169 Beacon was not listed in the 1926 Blue Book.

On May 10, 1926, 169 Beacon was purchased from Susan Wharton by Mrs. Isabel Fiske (Edwards) Sherwin and her daughter, Mrs. Eleanor (Sherwin) Goodwin. Isabel Sherwin was the widow of General Thomas Sherwin, former President and Chairman of the Board of the New England Telephone and Telegraph Company. Eleanor Goodwin was the widow of William Hobbs Goodwin, Jr., who had been a banker and note broker. Living with them were Eleanor Sherwin’s unmarried adult children, Edward Vassall Sherwin and Anne Isabel Sherwin, and Eleanor (Sherwin) Goodwin’s son, William Hobbs Goodwin, III, a stockbroker. They all had lived at 150 Commonwealth until September of 1926.

William Goodwin, III, married in September of 1928 to Ruth Kempton and they moved to Cambridge.  At about the same time, Isabel Sherwin’s son, Thomas Edwards Sherwin, joined her and his siblings at 169 Beacon.  He was a widower, his wife, Emily Louise (Blodgett) Sherwin, having died in 1923.

Edward Sherwin married in 1939 to Kathleen Crook, and they moved to Concord, where he was a printer.
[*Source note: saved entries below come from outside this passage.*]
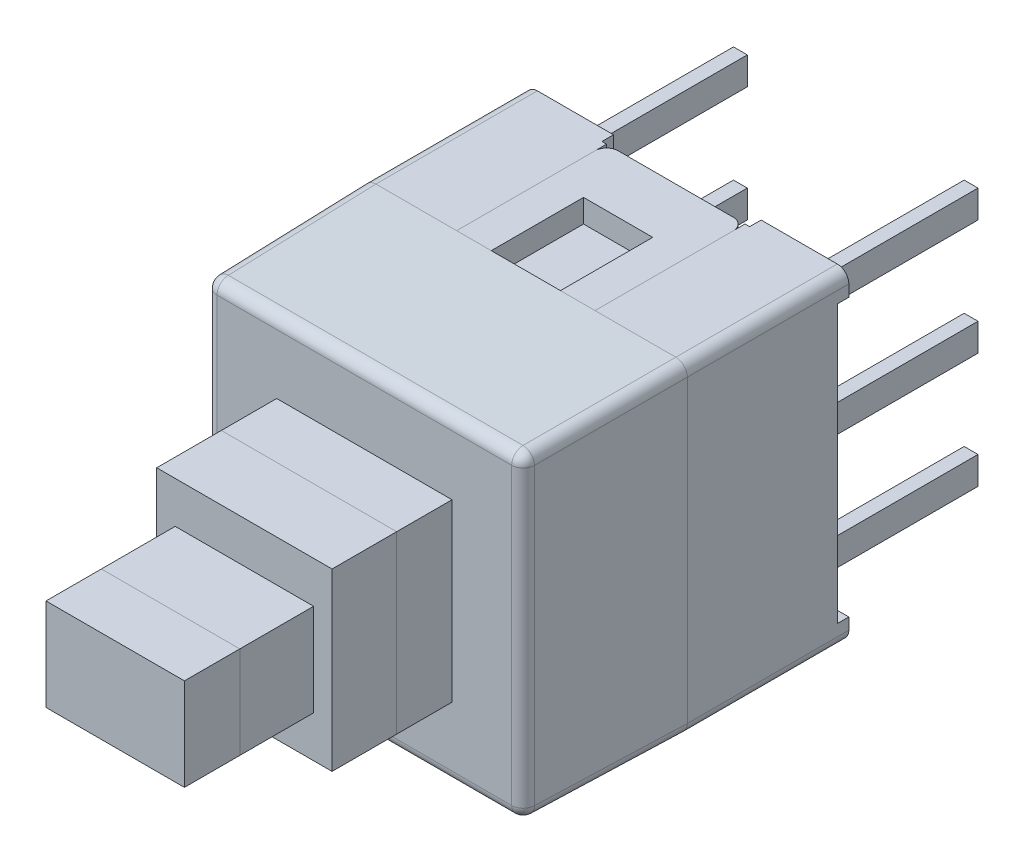
SolidWorks part; units mm, degrees
ref_plane "Plan de face" through (0, 0, 0) normal (0, 0, 1) x (1, 0, 0)
ref_plane "Plan de dessus" through (0, 0, 0) normal (0, 1, 0) x (1, 0, 0)
ref_plane "Plan de droite" through (0, 0, 0) normal (1, 0, 0) x (0, 0, -1)
sketch "Esquisse1" plane through (0, 0, 0) normal (0, 0, 1) x (1, 0, 0)
  line L1 (-3.5, -3.5) -> (3.5, -3.5)
  line L2 (-3.5, -3.5) -> (-3.5, 3.5)
  line L3 (-3.5, 3.5) -> (3.5, 3.5)
  line L4 (3.5, -3.5) -> (3.5, 3.5)
  line L5 (-3.5, -3.5) -> (3.5, 3.5) construction
  line L6 (-3.5, 3.5) -> (3.5, -3.5) construction
  point P0 (0, 0)
  dimension "D1" = 7
extrude "Boss.-Extru.1" add sketch "Esquisse1" along normal blind 3.5
sketch "Esquisse2" plane through (0, 0, 0) normal (0, 0, -1) x (-1, 0, 0)
  line L1 (-3.5, 3.5) -> (-1.6, 3.5)
  line L2 (-3.5, 3.5) -> (-3.5, 3)
  line L3 (-3.5, 3) -> (-1.6, 3)
  line L4 (-1.6, 3.5) -> (-1.6, 3)
  line L5 (3.5, 3.5) -> (1.6, 3.5)
  line L6 (3.5, 3.5) -> (3.5, 3)
  line L7 (3.5, 3) -> (1.6, 3)
  line L8 (1.6, 3.5) -> (1.6, 3)
  line L9 (3.5, -3.5) -> (1.6, -3.5)
  line L10 (3.5, -3.5) -> (3.5, -3)
  line L11 (3.5, -3) -> (1.6, -3)
  line L12 (1.6, -3.5) -> (1.6, -3)
  line L13 (-3.5, -3.5) -> (-1.6, -3.5)
  line L14 (-3.5, -3.5) -> (-3.5, -3)
  line L15 (-3.5, -3) -> (-1.6, -3)
  line L16 (-1.6, -3.5) -> (-1.6, -3)
  line L20 (-3.5, 3.5) -> (-3.5, -3.5)
  line L21 (-3.5, -3.5) -> (3.5, -3.5)
  line L22 (3.5, -3.5) -> (3.5, 3.5)
  line L23 (3.5, 3.5) -> (-3.5, 3.5)
  line L24 (-3.5, 3.5) -> (-3.5, -3.5)
  line L25 (-3.5, -3.5) -> (3.5, -3.5)
  line L26 (3.5, -3.5) -> (3.5, 3.5)
  line L27 (3.5, 3.5) -> (-3.5, 3.5)
  line M17 (-3.5, 3.5) -> (-3.5, -3.5)
  line M18 (-3.5, -3.5) -> (3.5, -3.5)
  line M19 (3.5, -3.5) -> (3.5, 3.5)
  line M20 (3.5, 3.5) -> (-3.5, 3.5)
  dimension "D1" = 0.5
  dimension "D2" = 1.9
  dimension "D3" = 0
extrude "Enlèv. mat.-Extru.1" cut sketch "Esquisse2" against normal blind 0.25 contours L16 L12 L11 L7 L8 L4 L3 L15 M18 M19 M20 M17 region at (0, 0, 0)
sketch "Esquisse3" plane through (0, 3.5, 0) normal (0, 1, 0) x (1, 0, 0)
  line L0 (-1.5, -0.25) -> (-1.5, -3.5)
  line L1 (-1.5, -0.25) -> (1.5, -0.25)
  line L2 (-1.5, -3.5) -> (1.5, -3.5)
  line L3 (1.5, -0.25) -> (1.5, -3.5)
  line L4 (-1.5, -0.25) -> (1.5, -3.5) construction
  line L5 (-1.5, -3.5) -> (1.5, -0.25) construction
  line L6 (-1.6, -0.25) -> (1.6, -0.25) construction
  line L7 (3.5, -3.5) -> (-3.5, -3.5) construction
  point P1 (0, -1.875)
  point P5 (0, 0)
  dimension "D1" = 3
extrude "Enlèv. mat.-Extru.2" cut sketch "Esquisse3" against normal blind 0.5
extrude "Enlèv. mat.-Extru.3" cut sketch "Esquisse3<2>" along normal blind 0.5 from surface starting at face at (0, -3.5, 0.9375)
sketch "Esquisse3<2>" plane through (0, 3.5, 0) normal (0, 1, 0) x (1, 0, 0) same geometry as "Esquisse3"
sketch "Esquisse4" plane through (0, 0, 3.5) normal (0, 0, 1) x (1, 0, 0)
  line L1 (-3.5, 3.5) -> (3.5, 3.5)
  line L2 (-3.5, 3.5) -> (-3.5, -3.5)
  line L3 (-3.5, -3.5) -> (3.5, -3.5)
  line L4 (3.5, 3.5) -> (3.5, -3.5)
extrude "Boss.-Extru.2" add sketch "Esquisse4" along normal blind 3.5 draft 1 separate body
sketch "Esquisse5" plane through (0, 0, 3.5) normal (0, 0, -1) x (-1, 0, 0)
  line L0 (-1.5, 3) -> (1.5, 3) construction
  line L1 (-1.5, 3.5) -> (1.5, 3.5)
  line L2 (-1.5, 3.5) -> (-1.5, 3)
  line L3 (-1.5, 3) -> (1.5, 3)
  line L4 (1.5, 3.5) -> (1.5, 3)
  line L5 (1.5, -3) -> (1.5, -3.5) construction
  line L6 (-1.5, -3.5) -> (1.5, -3.5)
  line L7 (-1.5, -3.5) -> (-1.5, -3)
  line L8 (-1.5, -3) -> (1.5, -3)
  line L9 (1.5, -3.5) -> (1.5, -3)
extrude "Boss.-Extru.3" add sketch "Esquisse5" along normal blind 3.25
sketch "Esquisse8" plane through (0, 0, 0) normal (0, 1, 0) x (1, 0, 0)
  line L1 (-0.75, -1.5) -> (0.75, -1.5)
  line L2 (-0.75, -1.5) -> (-0.75, -3.5)
  line L3 (-0.75, -3.5) -> (0.75, -3.5)
  line L4 (0.75, -1.5) -> (0.75, -3.5)
  line L5 (-1.5, -3.5) -> (1.5, -3.5) construction
  line L7 (-0.15, -1.5) -> (0.15, -1.5)
  line L8 (-0.15, -1.5) -> (-0.15, -3.5)
  line L9 (-0.15, -3.5) -> (0.15, -3.5)
  line L10 (0.15, -1.5) -> (0.15, -3.5)
  point P4 (0, -3.5)
  point P5 (0, -3.5)
  point P6 (0, 0)
  point P13 (0, 0)
  point P14 (0, 0)
  dimension "D1" = 1.5
  dimension "D2" = 2
  dimension "D3" = 0.3
extrude "Enlèv. mat.-Extru.4" cut sketch "Esquisse8" along normal through all contours L3 L4 L1 L2
extrude "Enlèv. mat.-Extru.5" cut sketch "Esquisse8<3>" against normal through all contours L1 L10 L3 L4 | L8 L1 L2 L3 region at (-0.45, 0, 2.5) region at (0.45, 0, 2.5)
sketch "Esquisse8<3>" plane through (0, 0, 0) normal (0, 1, 0) x (1, 0, 0) same geometry as "Esquisse8"
fillet "Congé1" radius 0.25 4 edges at (-3.5, -3.5, 1.75) (-3.5, 3.5, 1.75) (3.5, -3.5, 1.75) (3.5, 3.5, 1.75)
fillet "Congé2" radius 0.25 4 edges at (3.4695, 3.4695, 5.25) (3.4695, -3.4695, 5.25) (-3.4695, -3.4695, 5.25) (-3.4695, 3.4695, 5.25)
fillet "Congé3" radius 0.25 8 edges at (3.3657, -3.3657, 7) (0, -3.4389, 7) (-3.3657, -3.3657, 7) (-3.4389, 0, 7) (-3.3657, 3.3657, 7) (0, 3.4389, 7) (3.3657, 3.3657, 7) (3.4389, 0, 7)
fillet "Congé4" radius 0.25 4 edges at (-1.5, -3.25, 0.25) (-1.5, 3.25, 0.25) (1.5, 3.25, 0.25) (1.5, -3.25, 0.25)
sketch "Esquisse6" plane through (0, 0, 7) normal (0, 0, 1) x (1, 0, 0)
  line L2 (-1.9, -1.9) -> (1.9, -1.9)
  line L3 (-1.9, -1.9) -> (-1.9, 1.9)
  line L4 (-1.9, 1.9) -> (1.9, 1.9)
  line L5 (1.9, -1.9) -> (1.9, 1.9)
  line L6 (-1.9, -1.9) -> (1.9, 1.9) construction
  line L7 (-1.9, 1.9) -> (1.9, -1.9) construction
  point P0 (0, 0)
  point P2 (0, 0)
  dimension "D1" = 3.8
extrude "Boss.-Extru.4" add sketch "Esquisse6" along normal blind 1.2 separate body
extrude "Boss.-Extru.5" add sketch "Esquisse6<3>" along normal blind 1.4 from surface separate body starting at face at (0, 0, 8.2)
sketch "Esquisse6<3>" plane through (0, 0, 7) normal (0, 0, 1) x (1, 0, 0) same geometry as "Esquisse6"
sketch "Esquisse7" plane through (0, 0, 9.6) normal (0, 0, 1) x (1, 0, 0)
  line L1 (-1.5, -1) -> (1.5, -1)
  line L2 (-1.5, -1) -> (-1.5, 1)
  line L3 (-1.5, 1) -> (1.5, 1)
  line L4 (1.5, -1) -> (1.5, 1)
  line L5 (-1.5, -1) -> (1.5, 1) construction
  line L6 (-1.5, 1) -> (1.5, -1) construction
  point P0 (0, 0)
  dimension "D1" = 3
  dimension "D2" = 2
extrude "Boss.-Extru.6" add sketch "Esquisse7" along normal blind 1.6 and the other way up to surface (2.6 mm away) separate body other way up to face at (0, 0, 7)
extrude "Boss.-Extru.7" add sketch "Esquisse7<2>" along normal blind 1.2 from surface separate body starting at face at (0, 0, 11.2)
sketch "Esquisse7<2>" plane through (0, 0, 9.6) normal (0, 0, 1) x (1, 0, 0) same geometry as "Esquisse7"
sketch "Esquisse9" plane through (0, 0, 0.25) normal (0, 0, -1) x (-1, 0, 0)
  line L0 (0, 0) -> (2.5, 0) construction
  line L1 (0, 0) -> (0, 0.8912) construction
  line L2 (2.35, -2.2) -> (2.35, -2.8)
  line L3 (2.35, -0.3) -> (2.65, -0.3)
  line L4 (2.35, -0.3) -> (2.35, 0.3)
  line L5 (2.35, 0.3) -> (2.65, 0.3)
  line L6 (2.65, -0.3) -> (2.65, 0.3)
  line L7 (2.35, -0.3) -> (2.65, 0.3) construction
  line L8 (2.35, 0.3) -> (2.65, -0.3) construction
  line L9 (2.35, 2.2) -> (2.65, 2.2)
  line L10 (2.35, 2.2) -> (2.35, 2.8)
  line L11 (2.35, 2.8) -> (2.65, 2.8)
  line L12 (2.65, 2.2) -> (2.65, 2.8)
  line L13 (2.35, 2.2) -> (2.65, 2.8) construction
  line L14 (2.35, 2.8) -> (2.65, 2.2) construction
  line L15 (2.35, -2.8) -> (2.65, -2.8)
  line L16 (2.65, -2.2) -> (2.65, -2.8)
  line L17 (2.35, -2.2) -> (2.65, -2.2)
  line L18 (-2.35, 2.8) -> (-2.65, 2.8)
  line L19 (-2.65, 2.2) -> (-2.65, 2.8)
  line L20 (-2.35, 2.2) -> (-2.65, 2.2)
  line L21 (-2.35, 2.2) -> (-2.35, 2.8)
  line L22 (-2.35, 0.3) -> (-2.65, 0.3)
  line L23 (-2.65, -0.3) -> (-2.65, 0.3)
  line L24 (-2.35, -0.3) -> (-2.65, -0.3)
  line L25 (-2.35, -0.3) -> (-2.35, 0.3)
  line L26 (-2.35, -2.2) -> (-2.65, -2.2)
  line L27 (-2.65, -2.2) -> (-2.65, -2.8)
  line L28 (-2.35, -2.8) -> (-2.65, -2.8)
  line L29 (-2.35, -2.2) -> (-2.35, -2.8)
  point P8 (2.5, 2.5)
  point P13 (0, 0)
  point P14 (0, 0)
  point P15 (0, 0)
  dimension "D1" = 0.3
  dimension "D2" = 0.6
  dimension "D3" = 2.5
  dimension "D4" = 2.5
extrude "Boss.-Extru.8" add sketch "Esquisse9" along normal blind 3.9 separate body

Isabel Sherwin died in June of 1939.  Eleanor Goodwin, Thomas E. Sherwin, and Anne Sherwin continued to live at 169 Beacon until about 1946.

On March 3, 1947, 169 Beacon was purchased from Eleanor Goodwin and Isabel Sherwin’s estate by Michael (Max) Lilly, a partner in the Lilly Construction Company with his father, Harry Lilly, and brother, David Lilly. Michael Lilly and his wife, Goldie Gertrude (Karess) Lilly, lived at 215 Newbury.

169 Beacon was shown as vacant in the 1947 City Directory, and by 1948 had been converted into apartments.

The property changed hands and on November 27, 1956, was acquired by Beacon View Realty Incorporated. In August of 1958, it acquired 171 Beacon.

On December 31, 1965, John V. Kunigenas, treasurer of Beacon View Realty Incorporated, transferred 169 Beacon to himself. On the same day, he transferred 171 Beacon to himself and his brothers, Robert P. Kunigenas and Michael C. Kunigenas, Jr.

On August 22, 1979, 169 Beacon and 171 Beacon were purchased from John Kunigenas by the Broderick Development Corporation (Frank H. McCourt, Jr., president).  On the same day, it also purchased 136 Beacon, 138 Beacon,  and 119 Marlborough.

On May 30, 1980, Jane S. White, trustee, purchased 169-171 Beacon from the Broderick Development Corporation. On December 29, 1983, she converted the two buildings into twenty-four condominium units (twelve units in each building), the Beacon Associates Condominium.